» Prompt:
Make an exact copy of the records, dropping all pictures.

Segment Start: Data in this exercise

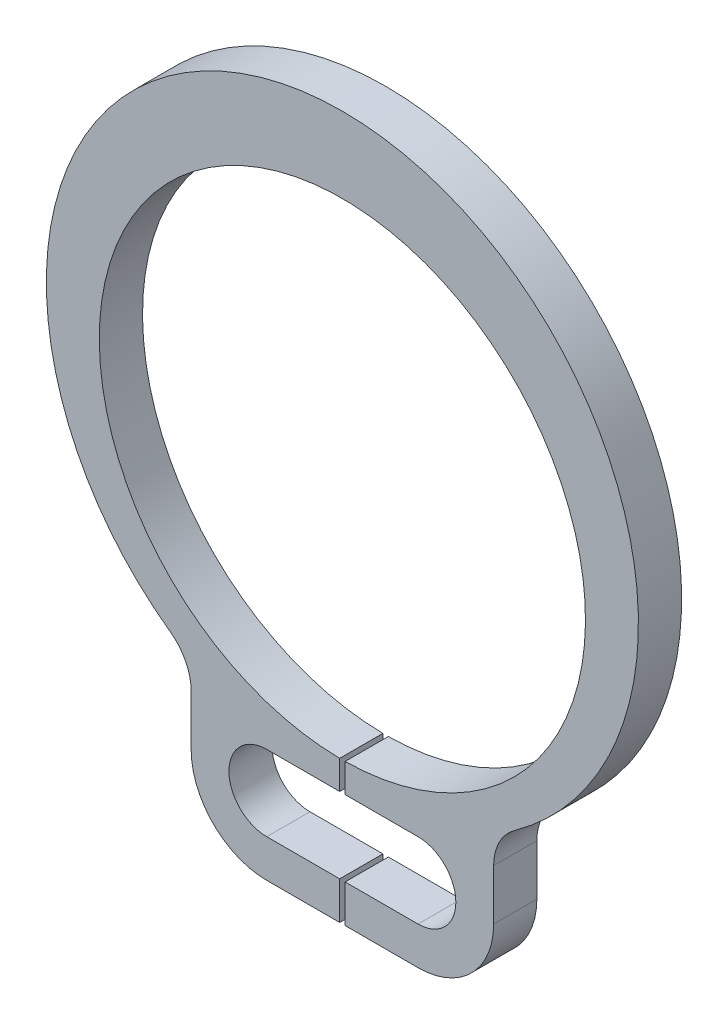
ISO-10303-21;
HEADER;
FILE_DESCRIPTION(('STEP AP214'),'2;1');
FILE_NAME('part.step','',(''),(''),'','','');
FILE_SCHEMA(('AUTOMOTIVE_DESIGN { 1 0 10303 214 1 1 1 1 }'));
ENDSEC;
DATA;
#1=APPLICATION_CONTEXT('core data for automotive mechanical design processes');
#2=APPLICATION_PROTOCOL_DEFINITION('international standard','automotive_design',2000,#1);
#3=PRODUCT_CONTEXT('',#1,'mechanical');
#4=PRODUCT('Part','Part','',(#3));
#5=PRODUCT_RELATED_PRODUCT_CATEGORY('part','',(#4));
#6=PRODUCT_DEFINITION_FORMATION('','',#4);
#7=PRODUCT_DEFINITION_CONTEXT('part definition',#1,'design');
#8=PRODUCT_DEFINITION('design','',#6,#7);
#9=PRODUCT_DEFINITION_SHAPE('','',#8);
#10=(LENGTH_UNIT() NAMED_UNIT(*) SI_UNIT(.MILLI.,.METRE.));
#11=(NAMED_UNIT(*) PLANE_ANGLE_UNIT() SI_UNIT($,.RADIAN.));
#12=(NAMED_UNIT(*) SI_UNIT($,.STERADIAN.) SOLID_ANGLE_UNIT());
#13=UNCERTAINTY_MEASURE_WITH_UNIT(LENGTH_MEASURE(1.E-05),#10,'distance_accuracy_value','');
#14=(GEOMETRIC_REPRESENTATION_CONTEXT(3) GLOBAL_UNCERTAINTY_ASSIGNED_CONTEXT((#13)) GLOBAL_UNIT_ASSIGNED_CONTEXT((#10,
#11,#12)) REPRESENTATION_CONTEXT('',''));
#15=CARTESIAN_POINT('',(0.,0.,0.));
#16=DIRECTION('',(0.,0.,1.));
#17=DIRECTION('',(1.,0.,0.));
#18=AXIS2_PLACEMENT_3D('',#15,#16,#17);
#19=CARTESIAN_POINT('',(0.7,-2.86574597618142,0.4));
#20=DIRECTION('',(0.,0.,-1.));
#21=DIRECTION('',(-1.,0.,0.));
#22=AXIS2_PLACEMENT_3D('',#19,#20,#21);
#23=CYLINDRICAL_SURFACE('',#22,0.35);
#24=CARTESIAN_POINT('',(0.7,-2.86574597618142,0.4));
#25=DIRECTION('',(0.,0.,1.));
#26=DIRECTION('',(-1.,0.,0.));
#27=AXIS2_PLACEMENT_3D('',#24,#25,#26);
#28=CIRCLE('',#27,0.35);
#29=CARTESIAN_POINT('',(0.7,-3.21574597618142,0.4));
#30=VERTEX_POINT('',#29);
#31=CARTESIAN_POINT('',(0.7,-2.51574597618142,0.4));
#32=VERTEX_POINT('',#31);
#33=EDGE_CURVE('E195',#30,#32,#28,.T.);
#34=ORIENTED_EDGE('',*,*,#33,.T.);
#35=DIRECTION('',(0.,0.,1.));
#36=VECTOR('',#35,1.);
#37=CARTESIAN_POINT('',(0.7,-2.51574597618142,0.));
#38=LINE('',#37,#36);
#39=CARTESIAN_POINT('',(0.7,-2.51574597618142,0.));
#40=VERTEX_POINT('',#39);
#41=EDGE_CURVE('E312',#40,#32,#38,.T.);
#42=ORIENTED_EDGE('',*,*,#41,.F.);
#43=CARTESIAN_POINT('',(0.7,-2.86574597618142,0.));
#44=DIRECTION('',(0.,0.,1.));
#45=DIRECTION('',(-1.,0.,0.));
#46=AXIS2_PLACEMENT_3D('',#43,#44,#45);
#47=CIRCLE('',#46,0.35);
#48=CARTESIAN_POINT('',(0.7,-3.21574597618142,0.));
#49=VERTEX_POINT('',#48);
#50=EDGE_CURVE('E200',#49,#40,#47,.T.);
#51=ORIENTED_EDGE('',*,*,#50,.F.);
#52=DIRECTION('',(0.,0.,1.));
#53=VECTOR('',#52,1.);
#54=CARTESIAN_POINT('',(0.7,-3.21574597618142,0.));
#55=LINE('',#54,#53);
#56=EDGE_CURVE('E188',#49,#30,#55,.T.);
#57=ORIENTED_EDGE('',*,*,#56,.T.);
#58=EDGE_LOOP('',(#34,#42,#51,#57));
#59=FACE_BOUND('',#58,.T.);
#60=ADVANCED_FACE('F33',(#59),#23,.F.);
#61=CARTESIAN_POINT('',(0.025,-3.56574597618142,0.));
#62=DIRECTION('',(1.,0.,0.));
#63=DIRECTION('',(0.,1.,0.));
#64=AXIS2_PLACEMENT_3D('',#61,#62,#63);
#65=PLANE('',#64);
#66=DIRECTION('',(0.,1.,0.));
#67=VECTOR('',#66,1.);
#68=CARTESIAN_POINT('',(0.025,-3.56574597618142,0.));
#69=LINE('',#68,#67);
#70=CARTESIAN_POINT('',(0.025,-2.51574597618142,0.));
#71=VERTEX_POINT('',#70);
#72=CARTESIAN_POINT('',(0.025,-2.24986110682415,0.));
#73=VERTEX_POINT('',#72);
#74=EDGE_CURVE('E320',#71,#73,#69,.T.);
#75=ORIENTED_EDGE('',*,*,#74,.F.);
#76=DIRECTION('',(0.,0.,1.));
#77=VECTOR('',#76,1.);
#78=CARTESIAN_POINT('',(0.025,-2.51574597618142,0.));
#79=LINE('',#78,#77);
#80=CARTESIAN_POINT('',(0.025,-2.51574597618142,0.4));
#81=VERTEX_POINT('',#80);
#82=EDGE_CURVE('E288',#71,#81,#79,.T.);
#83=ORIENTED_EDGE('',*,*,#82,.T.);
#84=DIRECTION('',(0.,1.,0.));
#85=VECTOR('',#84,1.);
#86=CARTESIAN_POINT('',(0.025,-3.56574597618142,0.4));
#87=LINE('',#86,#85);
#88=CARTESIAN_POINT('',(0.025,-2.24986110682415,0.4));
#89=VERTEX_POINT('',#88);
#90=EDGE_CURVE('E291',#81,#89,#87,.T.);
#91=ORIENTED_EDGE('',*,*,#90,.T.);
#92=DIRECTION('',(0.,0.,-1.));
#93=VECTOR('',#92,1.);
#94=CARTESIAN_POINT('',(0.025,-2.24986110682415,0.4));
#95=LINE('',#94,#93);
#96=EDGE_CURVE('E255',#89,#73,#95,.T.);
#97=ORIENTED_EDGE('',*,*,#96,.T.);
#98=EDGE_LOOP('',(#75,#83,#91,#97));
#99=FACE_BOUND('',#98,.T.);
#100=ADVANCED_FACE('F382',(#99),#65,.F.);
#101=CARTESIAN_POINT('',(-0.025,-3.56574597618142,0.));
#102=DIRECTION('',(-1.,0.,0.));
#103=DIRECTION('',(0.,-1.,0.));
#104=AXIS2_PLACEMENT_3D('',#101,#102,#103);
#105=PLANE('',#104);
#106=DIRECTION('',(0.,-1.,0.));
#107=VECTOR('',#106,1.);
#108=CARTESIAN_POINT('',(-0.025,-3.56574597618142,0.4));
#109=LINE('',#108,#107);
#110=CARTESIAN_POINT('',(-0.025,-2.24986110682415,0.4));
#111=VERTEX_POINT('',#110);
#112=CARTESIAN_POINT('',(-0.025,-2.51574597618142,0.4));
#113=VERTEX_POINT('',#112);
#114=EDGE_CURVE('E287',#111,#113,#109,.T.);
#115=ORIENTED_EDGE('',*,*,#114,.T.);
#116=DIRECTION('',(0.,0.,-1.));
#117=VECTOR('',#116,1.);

Segment End: Data in this exercise

» Exercise result:
ISO-10303-21;
HEADER;
FILE_DESCRIPTION(('STEP AP214'),'2;1');
FILE_NAME('part.step','',(''),(''),'','','');
FILE_SCHEMA(('AUTOMOTIVE_DESIGN { 1 0 10303 214 1 1 1 1 }'));
ENDSEC;
DATA;
#1=APPLICATION_CONTEXT('core data for automotive mechanical design processes');
#2=APPLICATION_PROTOCOL_DEFINITION('international standard','automotive_design',2000,#1);
#3=PRODUCT_CONTEXT('',#1,'mechanical');
#4=PRODUCT('Part','Part','',(#3));
#5=PRODUCT_RELATED_PRODUCT_CATEGORY('part','',(#4));
#6=PRODUCT_DEFINITION_FORMATION('','',#4);
#7=PRODUCT_DEFINITION_CONTEXT('part definition',#1,'design');
#8=PRODUCT_DEFINITION('design','',#6,#7);
#9=PRODUCT_DEFINITION_SHAPE('','',#8);
#10=(LENGTH_UNIT() NAMED_UNIT(*) SI_UNIT(.MILLI.,.METRE.));
#11=(NAMED_UNIT(*) PLANE_ANGLE_UNIT() SI_UNIT($,.RADIAN.));
#12=(NAMED_UNIT(*) SI_UNIT($,.STERADIAN.) SOLID_ANGLE_UNIT());
#13=UNCERTAINTY_MEASURE_WITH_UNIT(LENGTH_MEASURE(1.E-05),#10,'distance_accuracy_value','');
#14=(GEOMETRIC_REPRESENTATION_CONTEXT(3) GLOBAL_UNCERTAINTY_ASSIGNED_CONTEXT((#13)) GLOBAL_UNIT_ASSIGNED_CONTEXT((#10,
#11,#12)) REPRESENTATION_CONTEXT('',''));
#15=CARTESIAN_POINT('',(0.,0.,0.));
#16=DIRECTION('',(0.,0.,1.));
#17=DIRECTION('',(1.,0.,0.));
#18=AXIS2_PLACEMENT_3D('',#15,#16,#17);
#19=CARTESIAN_POINT('',(0.7,-2.86574597618142,0.4));
#20=DIRECTION('',(0.,0.,-1.));
#21=DIRECTION('',(-1.,0.,0.));
#22=AXIS2_PLACEMENT_3D('',#19,#20,#21);
#23=CYLINDRICAL_SURFACE('',#22,0.35);
#24=CARTESIAN_POINT('',(0.7,-2.86574597618142,0.4));
#25=DIRECTION('',(0.,0.,1.));
#26=DIRECTION('',(-1.,0.,0.));
#27=AXIS2_PLACEMENT_3D('',#24,#25,#26);
#28=CIRCLE('',#27,0.35);
#29=CARTESIAN_POINT('',(0.7,-3.21574597618142,0.4));
#30=VERTEX_POINT('',#29);
#31=CARTESIAN_POINT('',(0.7,-2.51574597618142,0.4));
#32=VERTEX_POINT('',#31);
#33=EDGE_CURVE('E195',#30,#32,#28,.T.);
#34=ORIENTED_EDGE('',*,*,#33,.T.);
#35=DIRECTION('',(0.,0.,1.));
#36=VECTOR('',#35,1.);
#37=CARTESIAN_POINT('',(0.7,-2.51574597618142,0.));
#38=LINE('',#37,#36);
#39=CARTESIAN_POINT('',(0.7,-2.51574597618142,0.));
#40=VERTEX_POINT('',#39);
#41=EDGE_CURVE('E312',#40,#32,#38,.T.);
#42=ORIENTED_EDGE('',*,*,#41,.F.);
#43=CARTESIAN_POINT('',(0.7,-2.86574597618142,0.));
#44=DIRECTION('',(0.,0.,1.));
#45=DIRECTION('',(-1.,0.,0.));
#46=AXIS2_PLACEMENT_3D('',#43,#44,#45);
#47=CIRCLE('',#46,0.35);
#48=CARTESIAN_POINT('',(0.7,-3.21574597618142,0.));
#49=VERTEX_POINT('',#48);
#50=EDGE_CURVE('E200',#49,#40,#47,.T.);
#51=ORIENTED_EDGE('',*,*,#50,.F.);
#52=DIRECTION('',(0.,0.,1.));
#53=VECTOR('',#52,1.);
#54=CARTESIAN_POINT('',(0.7,-3.21574597618142,0.));
#55=LINE('',#54,#53);
#56=EDGE_CURVE('E188',#49,#30,#55,.T.);
#57=ORIENTED_EDGE('',*,*,#56,.T.);
#58=EDGE_LOOP('',(#34,#42,#51,#57));
#59=FACE_BOUND('',#58,.T.);
#60=ADVANCED_FACE('F33',(#59),#23,.F.);
#61=CARTESIAN_POINT('',(0.025,-3.56574597618142,0.));
#62=DIRECTION('',(1.,0.,0.));
#63=DIRECTION('',(0.,1.,0.));
#64=AXIS2_PLACEMENT_3D('',#61,#62,#63);
#65=PLANE('',#64);
#66=DIRECTION('',(0.,1.,0.));
#67=VECTOR('',#66,1.);
#68=CARTESIAN_POINT('',(0.025,-3.56574597618142,0.));
#69=LINE('',#68,#67);
#70=CARTESIAN_POINT('',(0.025,-2.51574597618142,0.));
#71=VERTEX_POINT('',#70);
#72=CARTESIAN_POINT('',(0.025,-2.24986110682415,0.));
#73=VERTEX_POINT('',#72);
#74=EDGE_CURVE('E320',#71,#73,#69,.T.);
#75=ORIENTED_EDGE('',*,*,#74,.F.);
#76=DIRECTION('',(0.,0.,1.));
#77=VECTOR('',#76,1.);
#78=CARTESIAN_POINT('',(0.025,-2.51574597618142,0.));
#79=LINE('',#78,#77);
#80=CARTESIAN_POINT('',(0.025,-2.51574597618142,0.4));
#81=VERTEX_POINT('',#80);
#82=EDGE_CURVE('E288',#71,#81,#79,.T.);
#83=ORIENTED_EDGE('',*,*,#82,.T.);
#84=DIRECTION('',(0.,1.,0.));
#85=VECTOR('',#84,1.);
#86=CARTESIAN_POINT('',(0.025,-3.56574597618142,0.4));
#87=LINE('',#86,#85);
#88=CARTESIAN_POINT('',(0.025,-2.24986110682415,0.4));
#89=VERTEX_POINT('',#88);
#90=EDGE_CURVE('E291',#81,#89,#87,.T.);
#91=ORIENTED_EDGE('',*,*,#90,.T.);
#92=DIRECTION('',(0.,0.,-1.));
#93=VECTOR('',#92,1.);
#94=CARTESIAN_POINT('',(0.025,-2.24986110682415,0.4));
#95=LINE('',#94,#93);
#96=EDGE_CURVE('E255',#89,#73,#95,.T.);
#97=ORIENTED_EDGE('',*,*,#96,.T.);
#98=EDGE_LOOP('',(#75,#83,#91,#97));
#99=FACE_BOUND('',#98,.T.);
#100=ADVANCED_FACE('F382',(#99),#65,.F.);
#101=CARTESIAN_POINT('',(-0.025,-3.56574597618142,0.));
#102=DIRECTION('',(-1.,0.,0.));
#103=DIRECTION('',(0.,-1.,0.));
#104=AXIS2_PLACEMENT_3D('',#101,#102,#103);
#105=PLANE('',#104);
#106=DIRECTION('',(0.,-1.,0.));
#107=VECTOR('',#106,1.);
#108=CARTESIAN_POINT('',(-0.025,-3.56574597618142,0.4));
#109=LINE('',#108,#107);
#110=CARTESIAN_POINT('',(-0.025,-2.24986110682415,0.4));
#111=VERTEX_POINT('',#110);
#112=CARTESIAN_POINT('',(-0.025,-2.51574597618142,0.4));
#113=VERTEX_POINT('',#112);
#114=EDGE_CURVE('E287',#111,#113,#109,.T.);
#115=ORIENTED_EDGE('',*,*,#114,.T.);
#116=DIRECTION('',(0.,0.,-1.));
#117=VECTOR('',#116,1.);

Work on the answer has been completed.